1 line 2 space 3 dummy line L line width Ld dummy line width P line and space width S space width Sd distance between line and space pattern and dummy line Wd line length

Claims (8)

[Claims] 1. A reticle mounted on a reduction projection exposure apparatus, which is illuminated by oblique incidence illumination and projects a pattern on a wafer, wherein a line pattern having a line width L and a space having a space width S repeated in a shape elongated in one direction. A line and space pattern consisting of a pattern, and a reticle having a dummy line having a line width equal to or less than the resolution limit of the reduction projection exposure apparatus outside the line and space pattern, wherein the line and space pattern and the dummy line The reticle is characterized in that Sd is (L + S-Ld) / 2 or less, where Sd is the distance from the line and Ld is the line width of the dummy line. 2. A reticle mounted on a reduction projection exposure apparatus, which is illuminated by oblique incidence illumination and projects a pattern on a wafer, wherein a line pattern having a line width L and a space having a space width S repeated in a shape elongated in one direction. A line and space pattern consisting of a pattern, and a reticle in which a dummy line having a line width equal to or less than the resolution limit of the reduction projection exposure apparatus is arranged outside the line and space pattern, wherein the line and space pattern and the dummy line Is Sd and the line width of the dummy line is Ld, Sd becomes (L
Reticle equal to + S-Ld) / 2. 3. The projection magnification of the reduction projection exposure apparatus is 1 /
The reticle according to claim 1 or 2, wherein Sd is in a range of 0.25 nµm to (L + S-Ld) / 2 when the exposure light is an i-line having a wavelength of 365 nm and n times. 4. The projection magnification of the reduction projection exposure apparatus is 1 /
The reticle according to claim 1 or 2, wherein Sd is within a range of 0.15 nμm to (L + S-Ld) / 2 when a KrF laser having a wavelength of 248 nm is used as the exposure light of n times. 5. The projection magnification of the reduction projection exposure apparatus is 1 /
The line width Ld of the dummy line is set to 0.2 nμm or less when the exposure light is an i-line having a wavelength of 365 nm and n times as large as the exposure light.
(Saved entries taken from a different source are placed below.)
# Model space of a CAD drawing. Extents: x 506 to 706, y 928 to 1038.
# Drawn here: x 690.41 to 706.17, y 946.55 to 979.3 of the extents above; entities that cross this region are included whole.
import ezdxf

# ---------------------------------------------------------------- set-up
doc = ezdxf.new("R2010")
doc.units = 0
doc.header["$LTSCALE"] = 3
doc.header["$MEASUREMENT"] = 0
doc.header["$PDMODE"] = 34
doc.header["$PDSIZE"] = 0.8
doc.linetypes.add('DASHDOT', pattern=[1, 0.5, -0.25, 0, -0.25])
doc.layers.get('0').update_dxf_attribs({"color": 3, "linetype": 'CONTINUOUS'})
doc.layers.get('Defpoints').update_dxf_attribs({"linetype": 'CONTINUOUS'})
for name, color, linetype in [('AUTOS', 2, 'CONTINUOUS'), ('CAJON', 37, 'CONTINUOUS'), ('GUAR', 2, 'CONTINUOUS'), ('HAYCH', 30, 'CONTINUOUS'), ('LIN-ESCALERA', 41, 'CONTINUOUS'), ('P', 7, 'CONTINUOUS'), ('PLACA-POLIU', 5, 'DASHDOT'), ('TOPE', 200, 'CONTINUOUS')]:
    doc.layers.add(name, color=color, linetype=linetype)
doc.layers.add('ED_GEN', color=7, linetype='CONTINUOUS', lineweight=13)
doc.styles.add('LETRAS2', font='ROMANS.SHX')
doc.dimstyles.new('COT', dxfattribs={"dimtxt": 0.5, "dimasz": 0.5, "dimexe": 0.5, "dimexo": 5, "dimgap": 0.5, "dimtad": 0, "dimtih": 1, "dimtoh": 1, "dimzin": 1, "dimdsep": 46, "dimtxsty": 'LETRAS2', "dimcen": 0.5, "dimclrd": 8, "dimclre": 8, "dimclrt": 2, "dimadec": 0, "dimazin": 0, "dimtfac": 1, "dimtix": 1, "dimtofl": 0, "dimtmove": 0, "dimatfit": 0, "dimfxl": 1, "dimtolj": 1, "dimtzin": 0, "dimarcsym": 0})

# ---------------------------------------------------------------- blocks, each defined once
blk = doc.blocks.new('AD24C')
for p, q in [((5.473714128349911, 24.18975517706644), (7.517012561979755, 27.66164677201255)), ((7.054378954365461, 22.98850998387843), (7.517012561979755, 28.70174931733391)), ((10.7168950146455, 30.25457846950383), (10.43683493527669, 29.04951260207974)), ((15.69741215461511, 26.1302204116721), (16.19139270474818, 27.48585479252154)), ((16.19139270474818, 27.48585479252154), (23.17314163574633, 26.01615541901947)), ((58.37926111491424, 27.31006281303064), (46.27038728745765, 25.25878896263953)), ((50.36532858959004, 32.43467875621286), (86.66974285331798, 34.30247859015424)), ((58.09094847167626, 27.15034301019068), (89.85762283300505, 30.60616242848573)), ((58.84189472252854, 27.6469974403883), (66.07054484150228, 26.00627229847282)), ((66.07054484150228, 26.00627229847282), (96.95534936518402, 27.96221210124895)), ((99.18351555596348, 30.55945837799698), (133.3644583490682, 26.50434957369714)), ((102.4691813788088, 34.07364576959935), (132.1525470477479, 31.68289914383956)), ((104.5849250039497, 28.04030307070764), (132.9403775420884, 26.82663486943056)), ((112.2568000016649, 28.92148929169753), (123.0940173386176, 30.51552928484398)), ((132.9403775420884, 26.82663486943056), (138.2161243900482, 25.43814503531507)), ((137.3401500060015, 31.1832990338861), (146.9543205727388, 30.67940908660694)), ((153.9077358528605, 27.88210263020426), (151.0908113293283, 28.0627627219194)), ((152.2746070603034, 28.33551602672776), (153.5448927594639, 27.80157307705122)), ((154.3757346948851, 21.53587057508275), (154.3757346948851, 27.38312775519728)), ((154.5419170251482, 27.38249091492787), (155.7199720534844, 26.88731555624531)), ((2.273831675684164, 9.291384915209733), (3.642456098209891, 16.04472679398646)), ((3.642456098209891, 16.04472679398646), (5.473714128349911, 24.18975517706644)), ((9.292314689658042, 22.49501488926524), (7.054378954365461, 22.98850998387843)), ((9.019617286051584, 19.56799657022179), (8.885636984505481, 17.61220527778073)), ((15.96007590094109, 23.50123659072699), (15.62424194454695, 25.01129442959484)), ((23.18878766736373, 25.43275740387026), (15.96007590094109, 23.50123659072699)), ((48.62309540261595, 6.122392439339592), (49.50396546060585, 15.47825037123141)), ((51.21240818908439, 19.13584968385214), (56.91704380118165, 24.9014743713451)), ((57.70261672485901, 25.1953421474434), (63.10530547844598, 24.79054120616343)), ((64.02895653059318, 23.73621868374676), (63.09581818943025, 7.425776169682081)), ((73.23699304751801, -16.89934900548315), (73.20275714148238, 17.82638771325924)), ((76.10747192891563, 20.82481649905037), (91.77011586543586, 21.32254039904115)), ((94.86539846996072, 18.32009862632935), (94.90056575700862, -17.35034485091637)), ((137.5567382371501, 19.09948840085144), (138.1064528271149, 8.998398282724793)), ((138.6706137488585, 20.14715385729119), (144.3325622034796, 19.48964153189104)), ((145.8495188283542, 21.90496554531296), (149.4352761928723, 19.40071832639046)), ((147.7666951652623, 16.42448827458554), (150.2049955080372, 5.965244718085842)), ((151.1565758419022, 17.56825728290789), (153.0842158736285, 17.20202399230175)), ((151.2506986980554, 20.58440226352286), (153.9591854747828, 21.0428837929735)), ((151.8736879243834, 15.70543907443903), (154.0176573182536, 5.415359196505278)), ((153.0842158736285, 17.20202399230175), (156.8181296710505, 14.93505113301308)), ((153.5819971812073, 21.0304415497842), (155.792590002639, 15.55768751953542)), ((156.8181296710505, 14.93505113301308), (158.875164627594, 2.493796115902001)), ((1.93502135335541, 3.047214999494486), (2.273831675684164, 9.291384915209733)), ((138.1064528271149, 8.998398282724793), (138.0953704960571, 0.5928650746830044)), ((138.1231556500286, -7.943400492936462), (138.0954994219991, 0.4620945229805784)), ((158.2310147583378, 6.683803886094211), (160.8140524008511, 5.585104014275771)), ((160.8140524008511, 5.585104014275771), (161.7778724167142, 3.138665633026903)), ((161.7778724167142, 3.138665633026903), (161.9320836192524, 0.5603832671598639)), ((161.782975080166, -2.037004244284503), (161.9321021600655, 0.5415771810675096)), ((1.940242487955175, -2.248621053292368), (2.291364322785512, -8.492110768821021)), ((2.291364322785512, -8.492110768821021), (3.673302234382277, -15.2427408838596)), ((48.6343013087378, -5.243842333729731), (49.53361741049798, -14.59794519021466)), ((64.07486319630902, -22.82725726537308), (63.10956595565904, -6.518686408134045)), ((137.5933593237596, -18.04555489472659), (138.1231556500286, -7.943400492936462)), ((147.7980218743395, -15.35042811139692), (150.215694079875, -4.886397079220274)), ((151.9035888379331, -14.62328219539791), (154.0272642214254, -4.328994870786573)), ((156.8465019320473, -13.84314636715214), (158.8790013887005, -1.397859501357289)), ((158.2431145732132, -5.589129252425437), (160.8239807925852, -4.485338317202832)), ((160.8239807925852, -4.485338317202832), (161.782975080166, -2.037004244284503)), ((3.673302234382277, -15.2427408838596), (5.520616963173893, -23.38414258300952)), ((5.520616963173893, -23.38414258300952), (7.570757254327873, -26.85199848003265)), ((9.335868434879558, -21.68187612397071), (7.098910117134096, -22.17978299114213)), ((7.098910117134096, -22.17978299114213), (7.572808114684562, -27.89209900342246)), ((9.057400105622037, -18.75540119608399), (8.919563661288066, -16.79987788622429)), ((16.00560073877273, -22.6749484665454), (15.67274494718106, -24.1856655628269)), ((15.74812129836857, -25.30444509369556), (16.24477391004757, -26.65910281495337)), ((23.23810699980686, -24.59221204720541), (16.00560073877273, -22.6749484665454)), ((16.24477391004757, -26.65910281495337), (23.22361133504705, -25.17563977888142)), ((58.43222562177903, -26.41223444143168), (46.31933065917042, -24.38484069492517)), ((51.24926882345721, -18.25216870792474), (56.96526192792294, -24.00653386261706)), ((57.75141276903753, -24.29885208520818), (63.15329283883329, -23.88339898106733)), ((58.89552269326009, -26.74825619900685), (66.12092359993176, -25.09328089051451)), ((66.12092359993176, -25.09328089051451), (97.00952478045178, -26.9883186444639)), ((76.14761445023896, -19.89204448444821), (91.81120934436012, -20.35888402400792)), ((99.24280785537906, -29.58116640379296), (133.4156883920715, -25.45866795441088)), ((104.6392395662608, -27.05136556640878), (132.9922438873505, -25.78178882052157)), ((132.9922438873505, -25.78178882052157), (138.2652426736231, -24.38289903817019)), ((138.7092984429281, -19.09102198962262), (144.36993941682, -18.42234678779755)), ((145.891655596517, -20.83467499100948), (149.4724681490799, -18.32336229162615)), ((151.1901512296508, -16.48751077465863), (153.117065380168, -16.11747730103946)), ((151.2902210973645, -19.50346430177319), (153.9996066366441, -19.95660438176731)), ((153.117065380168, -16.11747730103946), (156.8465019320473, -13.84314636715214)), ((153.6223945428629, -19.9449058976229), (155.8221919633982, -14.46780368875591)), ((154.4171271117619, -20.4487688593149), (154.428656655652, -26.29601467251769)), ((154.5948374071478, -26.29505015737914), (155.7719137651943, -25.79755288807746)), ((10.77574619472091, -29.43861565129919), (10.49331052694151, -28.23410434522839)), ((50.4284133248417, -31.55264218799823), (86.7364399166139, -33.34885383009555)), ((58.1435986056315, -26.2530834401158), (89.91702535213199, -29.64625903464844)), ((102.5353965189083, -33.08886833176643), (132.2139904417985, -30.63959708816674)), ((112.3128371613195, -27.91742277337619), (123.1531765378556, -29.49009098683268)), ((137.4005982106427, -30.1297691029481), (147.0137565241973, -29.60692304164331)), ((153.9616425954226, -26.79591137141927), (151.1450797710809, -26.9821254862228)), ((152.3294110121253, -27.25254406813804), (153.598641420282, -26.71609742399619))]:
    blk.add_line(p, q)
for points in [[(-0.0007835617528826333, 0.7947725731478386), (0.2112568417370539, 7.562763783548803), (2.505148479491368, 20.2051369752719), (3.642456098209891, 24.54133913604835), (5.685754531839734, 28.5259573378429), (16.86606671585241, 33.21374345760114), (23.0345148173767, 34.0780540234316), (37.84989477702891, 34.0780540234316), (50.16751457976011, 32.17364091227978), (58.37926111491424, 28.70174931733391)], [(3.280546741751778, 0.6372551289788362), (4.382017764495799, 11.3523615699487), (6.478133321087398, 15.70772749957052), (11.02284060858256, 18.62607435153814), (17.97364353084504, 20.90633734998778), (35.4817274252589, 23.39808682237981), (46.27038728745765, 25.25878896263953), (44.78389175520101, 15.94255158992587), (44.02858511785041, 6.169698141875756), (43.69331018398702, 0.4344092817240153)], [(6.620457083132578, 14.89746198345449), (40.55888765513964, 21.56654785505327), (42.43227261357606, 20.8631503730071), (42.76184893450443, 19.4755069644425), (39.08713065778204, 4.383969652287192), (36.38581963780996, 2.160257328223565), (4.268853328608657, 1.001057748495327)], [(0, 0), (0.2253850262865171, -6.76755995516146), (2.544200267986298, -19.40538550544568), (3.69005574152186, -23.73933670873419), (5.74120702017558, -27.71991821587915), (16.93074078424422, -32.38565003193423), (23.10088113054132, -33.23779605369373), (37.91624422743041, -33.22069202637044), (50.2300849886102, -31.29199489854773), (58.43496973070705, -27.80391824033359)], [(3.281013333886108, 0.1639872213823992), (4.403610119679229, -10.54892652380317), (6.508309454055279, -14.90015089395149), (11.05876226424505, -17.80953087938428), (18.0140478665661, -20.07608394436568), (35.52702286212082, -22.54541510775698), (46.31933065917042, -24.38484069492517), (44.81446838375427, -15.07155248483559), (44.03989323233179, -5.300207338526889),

Reticle described. 6. The projection magnification of the reduction projection exposure apparatus is 1 /
When a KrF laser with a wavelength of 248 nm is used as n times the exposure light, the line width Ld of the dummy line is 0.15 nμm.
The reticle according to claim 1 or claim 2 or claim 4, wherein: 7. The reticle according to claim 1, wherein the dummy line has a length equal to that of the line and space pattern. 8. Fine wiring on a wafer formed using a resist pattern formed from an image projected by oblique incidence illumination by a reduction projection exposure apparatus using the reticle according to claim 1 as an etching mask. A semiconductor device characterized by using.